The story starts well: we met Case, a former cowboy of the Matrix, able to go hacking computers or change computer files at the other end of the world by wiring on a machine. But when he wanted to sweeten a employer, the employer made him undergo the operation preventing connect again on a computer. Since junkie and lover of Linda Lee, a borderline daughter, he scrapes by bad shot, before a package FRICS to unsavory types ...
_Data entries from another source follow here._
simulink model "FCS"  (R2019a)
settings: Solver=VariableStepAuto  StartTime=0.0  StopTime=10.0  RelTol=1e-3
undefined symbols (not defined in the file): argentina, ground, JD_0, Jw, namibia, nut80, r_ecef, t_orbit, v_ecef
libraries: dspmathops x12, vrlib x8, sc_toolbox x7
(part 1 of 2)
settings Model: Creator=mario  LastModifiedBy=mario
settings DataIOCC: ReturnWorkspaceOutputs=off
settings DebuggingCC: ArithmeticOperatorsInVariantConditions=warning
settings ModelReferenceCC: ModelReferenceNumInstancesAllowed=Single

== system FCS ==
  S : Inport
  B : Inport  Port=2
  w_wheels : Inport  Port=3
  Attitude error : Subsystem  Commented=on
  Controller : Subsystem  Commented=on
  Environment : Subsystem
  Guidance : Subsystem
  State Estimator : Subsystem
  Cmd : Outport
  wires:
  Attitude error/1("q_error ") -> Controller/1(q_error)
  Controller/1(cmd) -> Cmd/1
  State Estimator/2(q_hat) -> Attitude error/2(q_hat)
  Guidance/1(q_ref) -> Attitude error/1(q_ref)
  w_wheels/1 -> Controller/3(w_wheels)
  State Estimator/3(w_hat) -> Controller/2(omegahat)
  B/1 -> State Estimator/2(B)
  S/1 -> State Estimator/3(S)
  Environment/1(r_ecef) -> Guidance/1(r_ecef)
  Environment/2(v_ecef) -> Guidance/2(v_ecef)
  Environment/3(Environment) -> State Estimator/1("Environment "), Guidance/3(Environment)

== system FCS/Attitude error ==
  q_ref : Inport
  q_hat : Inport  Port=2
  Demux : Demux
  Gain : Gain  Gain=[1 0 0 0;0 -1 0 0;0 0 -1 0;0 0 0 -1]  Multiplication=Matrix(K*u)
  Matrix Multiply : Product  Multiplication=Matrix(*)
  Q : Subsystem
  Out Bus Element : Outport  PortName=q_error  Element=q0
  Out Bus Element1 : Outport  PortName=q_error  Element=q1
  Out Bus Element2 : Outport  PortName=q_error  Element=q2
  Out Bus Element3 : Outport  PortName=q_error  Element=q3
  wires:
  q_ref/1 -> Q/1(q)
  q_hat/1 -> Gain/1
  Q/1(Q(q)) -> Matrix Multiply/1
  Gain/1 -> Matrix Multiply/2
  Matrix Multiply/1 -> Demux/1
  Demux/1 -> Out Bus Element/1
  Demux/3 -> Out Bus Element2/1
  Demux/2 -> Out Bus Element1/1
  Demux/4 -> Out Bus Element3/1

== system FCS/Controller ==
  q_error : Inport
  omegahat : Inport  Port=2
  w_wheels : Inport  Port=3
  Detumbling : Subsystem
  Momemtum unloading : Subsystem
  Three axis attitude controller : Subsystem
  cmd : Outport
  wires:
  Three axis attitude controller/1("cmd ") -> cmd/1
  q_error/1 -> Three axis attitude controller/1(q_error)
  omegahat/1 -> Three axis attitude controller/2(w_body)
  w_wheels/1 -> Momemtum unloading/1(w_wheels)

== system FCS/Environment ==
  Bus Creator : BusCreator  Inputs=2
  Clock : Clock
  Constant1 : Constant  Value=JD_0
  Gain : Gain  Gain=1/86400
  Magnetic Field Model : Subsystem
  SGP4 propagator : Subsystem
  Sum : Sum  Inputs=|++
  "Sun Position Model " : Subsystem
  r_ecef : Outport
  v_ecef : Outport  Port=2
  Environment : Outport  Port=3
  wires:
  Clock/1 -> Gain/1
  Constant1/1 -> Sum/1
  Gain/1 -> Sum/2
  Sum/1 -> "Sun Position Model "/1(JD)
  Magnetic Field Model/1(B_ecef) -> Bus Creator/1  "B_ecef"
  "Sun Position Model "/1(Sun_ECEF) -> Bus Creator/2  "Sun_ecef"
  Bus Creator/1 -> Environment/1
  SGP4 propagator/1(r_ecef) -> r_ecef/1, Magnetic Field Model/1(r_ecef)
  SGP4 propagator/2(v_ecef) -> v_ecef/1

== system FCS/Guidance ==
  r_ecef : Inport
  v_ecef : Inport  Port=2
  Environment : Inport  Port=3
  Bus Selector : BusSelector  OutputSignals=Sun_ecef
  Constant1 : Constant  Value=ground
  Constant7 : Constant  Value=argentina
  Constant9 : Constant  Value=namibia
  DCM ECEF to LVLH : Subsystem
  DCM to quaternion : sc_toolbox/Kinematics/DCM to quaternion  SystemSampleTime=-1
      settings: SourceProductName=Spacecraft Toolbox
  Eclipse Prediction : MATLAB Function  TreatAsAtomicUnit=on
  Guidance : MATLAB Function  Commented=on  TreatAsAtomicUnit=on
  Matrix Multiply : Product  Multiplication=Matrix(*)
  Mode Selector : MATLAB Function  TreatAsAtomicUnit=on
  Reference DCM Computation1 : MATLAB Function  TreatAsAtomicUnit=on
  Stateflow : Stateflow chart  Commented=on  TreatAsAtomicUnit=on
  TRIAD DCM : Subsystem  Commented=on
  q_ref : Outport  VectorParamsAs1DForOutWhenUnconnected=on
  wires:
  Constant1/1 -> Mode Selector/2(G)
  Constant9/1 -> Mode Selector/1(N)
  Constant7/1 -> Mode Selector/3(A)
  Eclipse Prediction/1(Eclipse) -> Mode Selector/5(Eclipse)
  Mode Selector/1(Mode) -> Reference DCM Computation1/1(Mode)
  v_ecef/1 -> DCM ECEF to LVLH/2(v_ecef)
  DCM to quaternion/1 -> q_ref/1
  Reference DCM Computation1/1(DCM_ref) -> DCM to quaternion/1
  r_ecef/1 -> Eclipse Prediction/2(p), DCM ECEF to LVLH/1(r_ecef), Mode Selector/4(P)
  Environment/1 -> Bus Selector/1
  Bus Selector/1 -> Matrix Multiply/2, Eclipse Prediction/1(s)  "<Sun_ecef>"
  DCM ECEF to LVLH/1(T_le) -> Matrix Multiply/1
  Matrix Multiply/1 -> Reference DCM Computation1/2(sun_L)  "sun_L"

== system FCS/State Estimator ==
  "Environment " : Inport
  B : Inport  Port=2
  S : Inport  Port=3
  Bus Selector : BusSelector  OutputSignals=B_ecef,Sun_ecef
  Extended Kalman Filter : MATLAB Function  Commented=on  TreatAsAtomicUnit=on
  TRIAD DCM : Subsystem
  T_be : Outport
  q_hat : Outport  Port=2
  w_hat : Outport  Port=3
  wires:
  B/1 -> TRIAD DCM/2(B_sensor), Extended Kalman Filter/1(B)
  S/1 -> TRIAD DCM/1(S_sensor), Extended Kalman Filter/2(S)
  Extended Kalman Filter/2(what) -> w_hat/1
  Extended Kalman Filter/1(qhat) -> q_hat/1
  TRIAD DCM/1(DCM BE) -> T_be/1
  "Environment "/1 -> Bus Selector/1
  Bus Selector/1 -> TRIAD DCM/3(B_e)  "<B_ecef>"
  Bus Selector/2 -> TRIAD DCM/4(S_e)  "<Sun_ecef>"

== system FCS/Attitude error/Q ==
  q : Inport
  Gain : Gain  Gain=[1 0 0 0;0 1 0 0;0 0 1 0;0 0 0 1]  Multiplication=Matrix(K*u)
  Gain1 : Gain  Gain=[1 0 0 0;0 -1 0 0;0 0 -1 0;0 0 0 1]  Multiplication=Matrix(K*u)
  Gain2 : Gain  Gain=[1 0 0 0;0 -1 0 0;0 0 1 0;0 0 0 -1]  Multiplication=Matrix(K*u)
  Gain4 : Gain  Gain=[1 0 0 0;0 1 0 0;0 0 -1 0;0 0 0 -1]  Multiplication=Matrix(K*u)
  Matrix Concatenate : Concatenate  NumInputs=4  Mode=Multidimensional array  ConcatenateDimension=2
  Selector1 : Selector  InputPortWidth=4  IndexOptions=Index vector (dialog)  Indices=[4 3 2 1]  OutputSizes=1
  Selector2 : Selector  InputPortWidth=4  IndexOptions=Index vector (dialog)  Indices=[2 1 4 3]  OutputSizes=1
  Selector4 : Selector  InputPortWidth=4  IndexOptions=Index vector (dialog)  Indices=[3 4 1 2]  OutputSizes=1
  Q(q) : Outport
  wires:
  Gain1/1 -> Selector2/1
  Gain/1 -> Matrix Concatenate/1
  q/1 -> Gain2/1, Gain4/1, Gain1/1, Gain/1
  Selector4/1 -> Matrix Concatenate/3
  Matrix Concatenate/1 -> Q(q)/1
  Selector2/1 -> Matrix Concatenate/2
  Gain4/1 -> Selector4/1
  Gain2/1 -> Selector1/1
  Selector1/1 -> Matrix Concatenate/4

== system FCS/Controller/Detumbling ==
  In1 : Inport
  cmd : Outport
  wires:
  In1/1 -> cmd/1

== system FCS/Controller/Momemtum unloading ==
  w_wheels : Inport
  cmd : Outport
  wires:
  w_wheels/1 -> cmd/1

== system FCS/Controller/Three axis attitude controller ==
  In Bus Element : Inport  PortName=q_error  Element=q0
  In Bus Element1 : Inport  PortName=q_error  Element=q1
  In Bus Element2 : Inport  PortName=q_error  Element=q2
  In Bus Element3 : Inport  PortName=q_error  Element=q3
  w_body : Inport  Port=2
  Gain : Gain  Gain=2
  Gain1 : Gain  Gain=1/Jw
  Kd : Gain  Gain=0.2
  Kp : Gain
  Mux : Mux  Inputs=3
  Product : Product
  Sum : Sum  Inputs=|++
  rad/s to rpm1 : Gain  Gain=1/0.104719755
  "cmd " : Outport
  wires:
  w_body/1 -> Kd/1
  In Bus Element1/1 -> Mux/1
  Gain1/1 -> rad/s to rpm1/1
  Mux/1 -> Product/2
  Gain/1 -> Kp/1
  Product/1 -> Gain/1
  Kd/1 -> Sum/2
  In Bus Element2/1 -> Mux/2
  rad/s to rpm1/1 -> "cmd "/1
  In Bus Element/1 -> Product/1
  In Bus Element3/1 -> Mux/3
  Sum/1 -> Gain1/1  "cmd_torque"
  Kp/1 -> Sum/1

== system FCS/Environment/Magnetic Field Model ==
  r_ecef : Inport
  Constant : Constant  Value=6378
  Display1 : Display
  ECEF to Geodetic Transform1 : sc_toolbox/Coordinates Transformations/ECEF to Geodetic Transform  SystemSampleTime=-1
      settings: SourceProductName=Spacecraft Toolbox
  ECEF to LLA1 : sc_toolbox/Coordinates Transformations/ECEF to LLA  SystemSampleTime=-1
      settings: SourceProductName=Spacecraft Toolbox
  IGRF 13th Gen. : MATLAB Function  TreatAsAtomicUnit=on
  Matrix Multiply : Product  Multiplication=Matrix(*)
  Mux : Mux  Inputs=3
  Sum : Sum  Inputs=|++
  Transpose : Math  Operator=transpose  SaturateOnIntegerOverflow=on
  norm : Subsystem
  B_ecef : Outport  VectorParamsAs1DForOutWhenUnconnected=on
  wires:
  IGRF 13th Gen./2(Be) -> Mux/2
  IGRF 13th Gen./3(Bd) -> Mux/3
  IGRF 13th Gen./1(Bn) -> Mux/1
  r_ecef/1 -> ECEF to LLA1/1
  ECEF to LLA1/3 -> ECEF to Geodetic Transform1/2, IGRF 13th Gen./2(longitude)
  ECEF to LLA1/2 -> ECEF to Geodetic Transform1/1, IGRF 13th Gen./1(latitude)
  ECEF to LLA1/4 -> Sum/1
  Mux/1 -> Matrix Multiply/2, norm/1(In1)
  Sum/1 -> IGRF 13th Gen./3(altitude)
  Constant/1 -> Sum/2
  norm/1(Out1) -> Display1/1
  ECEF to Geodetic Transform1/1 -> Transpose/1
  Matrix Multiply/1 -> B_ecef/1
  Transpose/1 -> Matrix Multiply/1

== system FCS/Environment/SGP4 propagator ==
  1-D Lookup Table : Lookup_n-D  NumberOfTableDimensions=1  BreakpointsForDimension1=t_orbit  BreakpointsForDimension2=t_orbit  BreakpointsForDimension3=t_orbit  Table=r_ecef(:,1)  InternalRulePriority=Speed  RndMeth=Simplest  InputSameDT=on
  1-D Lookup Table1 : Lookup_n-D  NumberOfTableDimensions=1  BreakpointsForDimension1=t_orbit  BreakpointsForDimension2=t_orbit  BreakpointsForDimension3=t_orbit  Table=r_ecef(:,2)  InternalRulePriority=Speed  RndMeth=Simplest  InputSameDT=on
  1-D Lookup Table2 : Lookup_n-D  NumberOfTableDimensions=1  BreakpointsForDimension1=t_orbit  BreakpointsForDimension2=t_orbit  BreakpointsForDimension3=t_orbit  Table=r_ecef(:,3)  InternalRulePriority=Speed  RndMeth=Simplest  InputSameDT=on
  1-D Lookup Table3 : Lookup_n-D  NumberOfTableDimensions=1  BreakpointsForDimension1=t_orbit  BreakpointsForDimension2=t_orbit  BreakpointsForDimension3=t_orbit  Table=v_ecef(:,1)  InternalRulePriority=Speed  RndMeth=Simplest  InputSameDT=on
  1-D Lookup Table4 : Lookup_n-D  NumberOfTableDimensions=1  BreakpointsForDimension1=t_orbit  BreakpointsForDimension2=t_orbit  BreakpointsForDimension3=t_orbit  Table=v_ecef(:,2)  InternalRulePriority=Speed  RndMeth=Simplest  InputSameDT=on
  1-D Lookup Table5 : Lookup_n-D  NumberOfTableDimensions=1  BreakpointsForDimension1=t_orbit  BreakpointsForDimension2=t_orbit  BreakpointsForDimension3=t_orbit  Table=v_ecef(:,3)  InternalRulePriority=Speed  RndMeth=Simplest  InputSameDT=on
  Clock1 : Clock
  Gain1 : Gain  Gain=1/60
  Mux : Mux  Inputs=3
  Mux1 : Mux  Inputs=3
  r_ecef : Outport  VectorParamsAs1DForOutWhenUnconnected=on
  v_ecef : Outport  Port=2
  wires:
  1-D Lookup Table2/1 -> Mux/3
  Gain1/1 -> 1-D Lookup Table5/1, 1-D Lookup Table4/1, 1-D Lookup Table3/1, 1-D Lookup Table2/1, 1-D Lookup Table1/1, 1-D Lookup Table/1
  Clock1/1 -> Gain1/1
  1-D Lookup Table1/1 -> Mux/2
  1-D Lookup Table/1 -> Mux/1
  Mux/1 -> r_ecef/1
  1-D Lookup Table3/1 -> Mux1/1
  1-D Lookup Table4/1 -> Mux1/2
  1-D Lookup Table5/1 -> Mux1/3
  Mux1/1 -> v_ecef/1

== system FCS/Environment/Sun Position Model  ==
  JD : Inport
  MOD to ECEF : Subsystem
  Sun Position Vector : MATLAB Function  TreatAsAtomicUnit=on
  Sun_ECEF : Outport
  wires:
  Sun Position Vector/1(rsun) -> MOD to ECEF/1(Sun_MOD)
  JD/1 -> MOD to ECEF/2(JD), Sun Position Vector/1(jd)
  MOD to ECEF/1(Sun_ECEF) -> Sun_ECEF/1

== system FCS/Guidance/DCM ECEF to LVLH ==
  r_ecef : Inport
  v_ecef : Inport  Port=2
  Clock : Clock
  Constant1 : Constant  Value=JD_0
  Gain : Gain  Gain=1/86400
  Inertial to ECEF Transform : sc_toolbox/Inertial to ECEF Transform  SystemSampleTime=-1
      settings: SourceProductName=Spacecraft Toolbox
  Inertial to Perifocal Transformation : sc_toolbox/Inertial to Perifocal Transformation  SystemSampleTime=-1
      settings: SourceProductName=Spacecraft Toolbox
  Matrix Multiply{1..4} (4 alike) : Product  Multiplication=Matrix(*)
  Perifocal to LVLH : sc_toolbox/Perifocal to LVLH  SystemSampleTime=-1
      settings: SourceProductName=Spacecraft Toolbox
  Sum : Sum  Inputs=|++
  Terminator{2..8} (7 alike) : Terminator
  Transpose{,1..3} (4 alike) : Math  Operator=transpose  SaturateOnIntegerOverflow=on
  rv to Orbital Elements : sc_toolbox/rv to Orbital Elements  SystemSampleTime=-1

At a first level of reading, Neuromancer is therefore built into the genre of thriller: one finds the dependent hero, in love with a bad girl, sinking into mediocrity and will end up stabbed at the bottom of an alley ... That is why the beginning of the book fascinates: despite a complex vocabulary, it remains accessible and include its brands. But things get complicated when Case meets the mysterious Armitage, an enigmatic employer. The latter offers him a deal allowing him to become a cowboy of the Matrix. Accompanied by sexy and dangerous Mollie, a samurai streets, off they go in search of a smoking ganja and a perverse illusionist to perform a mission of the utmost importance.
Mission which we will not understand until the last page! Indeed, William Gibson has decided not to make it easier for the reader while walking in a cryptic story: it is not known why the characters act, we do not necessarily understand what they do (you've got to know the vocabulary cyberpunk before you get started) and the time it takes down completely ... Yet the harshness of aeuvre not entirely began the interest in the book. Certainly, we must stuff a clear syntax (of the author or translator?) And do not always follow the story inevitably spoils the fun, but like a poem which we do not understand all words or images, you can always just go with the magic. And here, it works beautifully. Especially in the last part, with this including Molly Case feels the slightest movements, faces a gallery of freaks not so monstrous that they have the air ... and until recent enigmatic lines to be making us doubt all. Finally, are we not in the Matrix or attend to be a miracle?
In Gibson's world, God has indeed gone and we can see the whole book as a metaphysical reflection on this oversight and understand the mission of our heroes as the attempt to resuscitate him. For Case and Molly are doing if not eliminate gods to give birth to the one God? You can follow the book in the light of this reflection, and found that there was an interesting and daring attempt to restore the sacred in a moral universe without. No doubt that further Neuromancer (Count Zero and Mona Lisa explodes) will complement our thinking. As it is, we nevertheless advise this work despite a certain opacity, but as always, there are no free lunches. Often the difficulty is interest.